__What you have to do__. From the records below, extract only the lines running from the line with "# Drawn here: x" to the line with "layer by layer", both lines included, reproducing them exactly.

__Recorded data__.
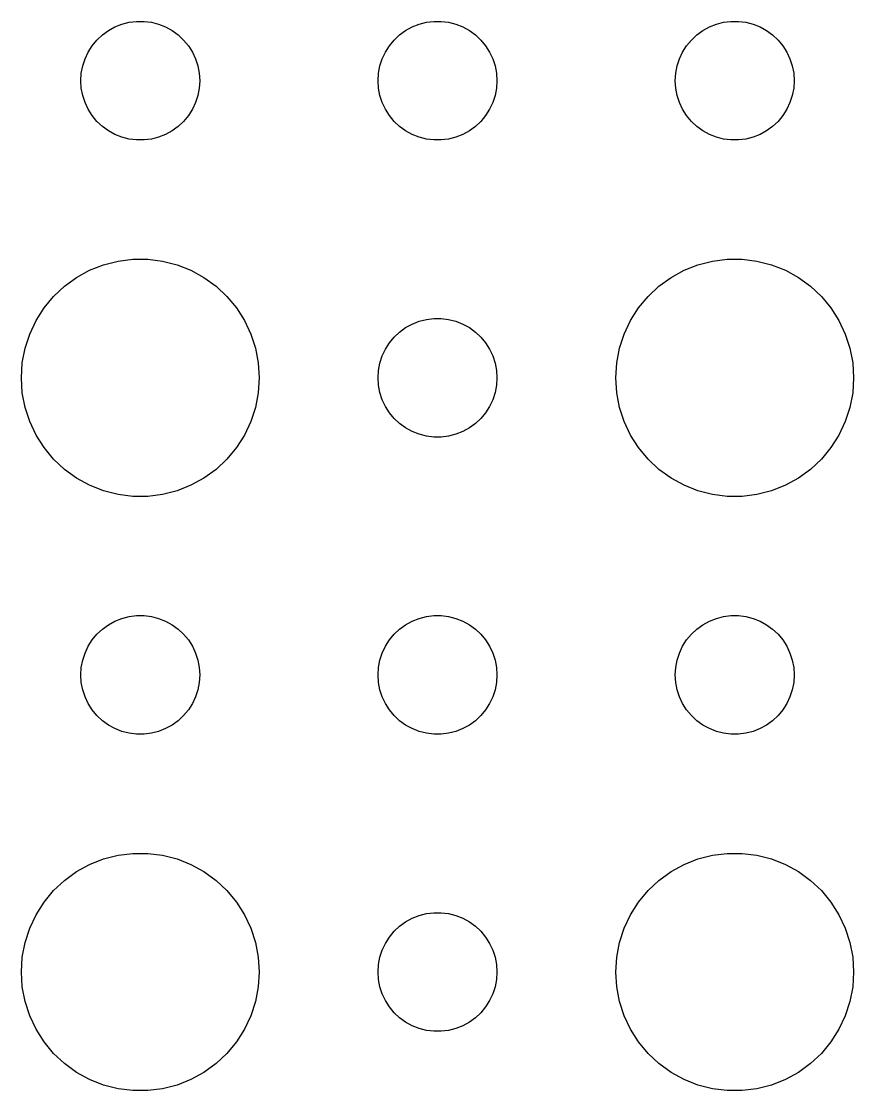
# Model space of a CAD drawing. Header units: metres. Extents: x -104 to 104, y -104 to 104.
# Drawn here: x -55.5 to -34.5, y 49.51 to 76.5 of the extents above; entities that cross this region are included whole.
import ezdxf

# ---------------------------------------------------------------- set-up
doc = ezdxf.new("R2010")
doc.units = ezdxf.units.M

msp = doc.modelspace()

# ---------------------------------------------------------------- linework, layer by layer
for p, q in [((-53.1387, 76.3572), (-52.9635, 76.4266)), ((-52.9635, 76.4266), (-52.7811, 76.4734)), ((-52.7811, 76.4734), (-52.5942, 76.497)), ((-52.5942, 76.497), (-52.4058, 76.497)), ((-52.4058, 76.497), (-52.2189, 76.4734)), ((-52.2189, 76.4734), (-52.0365, 76.4266)), ((-52.0365, 76.4266), (-51.8613, 76.3572)), ((-45.6387, 76.3572), (-45.4635, 76.4266)), ((-45.4635, 76.4266), (-45.2811, 76.4734)), ((-45.2811, 76.4734), (-45.0942, 76.497)), ((-45.0942, 76.497), (-44.9058, 76.497)), ((-44.9058, 76.497), (-44.7189, 76.4734)), ((-44.7189, 76.4734), (-44.5365, 76.4266)), ((-44.5365, 76.4266), (-44.3613, 76.3572)), ((-38.1387, 76.3572), (-37.9635, 76.4266)), ((-37.9635, 76.4266), (-37.7811, 76.4734)), ((-37.7811, 76.4734), (-37.5942, 76.497)), ((-37.5942, 76.497), (-37.4058, 76.497)), ((-37.4058, 76.497), (-37.2189, 76.4734)), ((-37.2189, 76.4734), (-37.0365, 76.4266)), ((-37.0365, 76.4266), (-36.8613, 76.3572)), ((-53.5934, 76.0268), (-53.4561, 76.1558)), ((-53.4561, 76.1558), (-53.3037, 76.2665)), ((-53.3037, 76.2665), (-53.1387, 76.3572)), ((-51.8613, 76.3572), (-51.6963, 76.2665)), ((-51.6963, 76.2665), (-51.5439, 76.1558)), ((-51.5439, 76.1558), (-51.4065, 76.0268)), ((-46.0934, 76.0268), (-45.9561, 76.1558)), ((-45.9561, 76.1558), (-45.8037, 76.2665)), ((-45.8037, 76.2665), (-45.6387, 76.3572)), ((-44.3613, 76.3572), (-44.1963, 76.2665)), ((-44.1963, 76.2665), (-44.0439, 76.1558)), ((-44.0439, 76.1558), (-43.9065, 76.0268)), ((-38.5934, 76.0268), (-38.4561, 76.1558)), ((-38.4561, 76.1558), (-38.3037, 76.2665)), ((-38.3037, 76.2665), (-38.1387, 76.3572)), ((-36.8613, 76.3572), (-36.6963, 76.2665)), ((-36.6963, 76.2665), (-36.5439, 76.1558)), ((-36.5439, 76.1558), (-36.4065, 76.0268)), ((-53.8145, 75.7226), (-53.7135, 75.8817)), ((-53.7135, 75.8817), (-53.5934, 76.0268)), ((-51.4065, 76.0268), (-51.2865, 75.8817)), ((-51.2865, 75.8817), (-51.1855, 75.7226)), ((-46.3145, 75.7226), (-46.2135, 75.8817)), ((-46.2135, 75.8817), (-46.0934, 76.0268)), ((-43.9065, 76.0268), (-43.7865, 75.8817)), ((-43.7865, 75.8817), (-43.6855, 75.7226)), ((-38.8145, 75.7226), (-38.7135, 75.8817)), ((-38.7135, 75.8817), (-38.5934, 76.0268)), ((-36.4065, 76.0268), (-36.2865, 75.8817)), ((-36.2865, 75.8817), (-36.1855, 75.7226)), ((-53.8947, 75.5522), (-53.8145, 75.7226)), ((-51.1855, 75.7226), (-51.1053, 75.5522)), ((-46.3947, 75.5522), (-46.3145, 75.7226)), ((-43.6855, 75.7226), (-43.6053, 75.5522)), ((-38.8947, 75.5522), (-38.8145, 75.7226)), ((-36.1855, 75.7226), (-36.1053, 75.5522)), ((-53.9882, 75.188), (-53.9529, 75.373)), ((-53.9529, 75.373), (-53.8947, 75.5522)), ((-51.1053, 75.5522), (-51.0471, 75.373)), ((-51.0471, 75.373), (-51.0118, 75.188)), ((-46.4882, 75.188), (-46.4529, 75.373)), ((-46.4529, 75.373), (-46.3947, 75.5522)), ((-43.6053, 75.5522), (-43.5471, 75.373)), ((-43.5471, 75.373), (-43.5118, 75.188)), ((-38.9882, 75.188), (-38.9529, 75.373)), ((-38.9529, 75.373), (-38.8947, 75.5522)), ((-36.1053, 75.5522), (-36.0471, 75.373)), ((-36.0471, 75.373), (-36.0118, 75.188)), ((-54, 75), (-53.9882, 75.188)), ((-51.0118, 75.188), (-51, 75)), ((-46.5, 75), (-46.4882, 75.188)), ((-43.5118, 75.188), (-43.5, 75)), ((-39, 75), (-38.9882, 75.188)), ((-36.0118, 75.188), (-36, 75)), ((-53.9882, 74.812), (-54, 75)), ((-53.9529, 74.627), (-53.9882, 74.812)), ((-51.0118, 74.812), (-51.0471, 74.627)), ((-51, 75), (-51.0118, 74.812)), ((-46.4882, 74.812), (-46.5, 75)), ((-46.4529, 74.627), (-46.4882, 74.812)), ((-43.5118, 74.812), (-43.5471, 74.627)), ((-43.5, 75), (-43.5118, 74.812)), ((-38.9882, 74.812), (-39, 75)), ((-38.9529, 74.627), (-38.9882, 74.812)), ((-36.0118, 74.812), (-36.0471, 74.627)), ((-36, 75), (-36.0118, 74.812)), ((-53.8947, 74.4478), (-53.9529, 74.627)), ((-51.0471, 74.627), (-51.1053, 74.4478)), ((-46.3947, 74.4478), (-46.4529, 74.627)), ((-43.5471, 74.627), (-43.6053, 74.4478)), ((-38.8947, 74.4478), (-38.9529, 74.627)), ((-36.0471, 74.627), (-36.1053, 74.4478)), ((-53.8145, 74.2774), (-53.8947, 74.4478)), ((-53.7135, 74.1183), (-53.8145, 74.2774)), ((-51.1855, 74.2774), (-51.2865, 74.1183)), ((-51.1053, 74.4478), (-51.1855, 74.2774)), ((-46.3145, 74.2774), (-46.3947, 74.4478)), ((-46.2135, 74.1183), (-46.3145, 74.2774)), ((-43.6855, 74.2774), (-43.7865, 74.1183)), ((-43.6053, 74.4478), (-43.6855, 74.2774)), ((-38.8145, 74.2774), (-38.8947, 74.4478)), ((-38.7135, 74.1183), (-38.8145, 74.2774)), ((-36.1855, 74.2774), (-36.2865, 74.1183)), ((-36.1053, 74.4478), (-36.1855, 74.2774)), ((-53.5934, 73.9732), (-53.7135, 74.1183)), ((-53.4561, 73.8442), (-53.5934, 73.9732)), ((-51.4065, 73.9732), (-51.5439, 73.8442)), ((-51.2865, 74.1183), (-51.4065, 73.9732)), ((-46.0934, 73.9732), (-46.2135, 74.1183)), ((-45.9561, 73.8442), (-46.0934, 73.9732)), ((-43.9065, 73.9732), (-44.0439, 73.8442)), ((-43.7865, 74.1183), (-43.9065, 73.9732)), ((-38.5934, 73.9732), (-38.7135, 74.1183)), ((-38.4561, 73.8442), (-38.5934, 73.9732)), ((-36.4065, 73.9732), (-36.5439, 73.8442)), ((-36.2865, 74.1183), (-36.4065, 73.9732)), ((-53.3037, 73.7335), (-53.4561, 73.8442)), ((-53.1387, 73.6428), (-53.3037, 73.7335)), ((-51.6963, 73.7335), (-51.8613, 73.6428)), ((-51.5439, 73.8442), (-51.6963, 73.7335)), ((-45.8037, 73.7335), (-45.9561, 73.8442)), ((-45.6387, 73.6428), (-45.8037, 73.7335)), ((-44.1963, 73.7335), (-44.3613, 73.6428)), ((-44.0439, 73.8442), (-44.1963, 73.7335)), ((-38.3037, 73.7335), (-38.4561, 73.8442)), ((-38.1387, 73.6428), (-38.3037, 73.7335)), ((-36.6963, 73.7335), (-36.8613, 73.6428)), ((-36.5439, 73.8442), (-36.6963, 73.7335)), ((-52.9635, 73.5734), (-53.1387, 73.6428)), ((-52.7811, 73.5266), (-52.9635, 73.5734)), ((-52.5942, 73.503), (-52.7811, 73.5266)), ((-52.4058, 73.503), (-52.5942, 73.503)), ((-52.2189, 73.5266), (-52.4058, 73.503)), ((-52.0365, 73.5734), (-52.2189, 73.5266)), ((-51.8613, 73.6428), (-52.0365, 73.5734)), ((-45.4635, 73.5734), (-45.6387, 73.6428)), ((-45.2811, 73.5266), (-45.4635, 73.5734)), ((-45.0942, 73.503), (-45.2811, 73.5266)), ((-44.9058, 73.503), (-45.0942, 73.503)), ((-44.7189, 73.5266), (-44.9058, 73.503)), ((-44.5365, 73.5734), (-44.7189, 73.5266)), ((-44.3613, 73.6428), (-44.5365, 73.5734)), ((-37.9635, 73.5734), (-38.1387, 73.6428)), ((-37.7811, 73.5266), (-37.9635, 73.5734)), ((-37.5942, 73.503), (-37.7811, 73.5266)), ((-37.4058, 73.503), (-37.5942, 73.503)), ((-37.2189, 73.5266), (-37.4058, 73.503)), ((-37.0365, 73.5734), (-37.2189, 73.5266)), ((-36.8613, 73.6428), (-37.0365, 73.5734)), ((-53.427, 70.3532), (-53.0621, 70.4469)), ((-53.0621, 70.4469), (-52.6884, 70.4941)), ((-52.6884, 70.4941), (-52.3116, 70.4941)), ((-52.3116, 70.4941), (-51.9379, 70.4469)), ((-51.9379, 70.4469), (-51.5729, 70.3532)), ((-38.427, 70.3532), (-38.0621, 70.4469)), ((-38.0621, 70.4469), (-37.6884, 70.4941)), ((-37.6884, 70.4941), (-37.3116, 70.4941)), ((-37.3116, 70.4941), (-36.9379, 70.4469)), ((-36.9379, 70.4469), (-36.5729, 70.3532)), ((-54.1075, 70.033), (-53.7773, 70.2145)), ((-53.7773, 70.2145), (-53.427, 70.3532)), ((-51.5729, 70.3532), (-51.2227, 70.2145)), ((-51.2227, 70.2145), (-50.8925, 70.033)), ((-39.1075, 70.033), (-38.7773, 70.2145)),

__Response below__.
# Drawn here: x -55.5 to -34.5, y 49.51 to 76.5 of the extents above; entities that cross this region are included whole.
import ezdxf

# ---------------------------------------------------------------- set-up
doc = ezdxf.new("R2010")
doc.units = ezdxf.units.M

msp = doc.modelspace()

# ---------------------------------------------------------------- linework, layer by layer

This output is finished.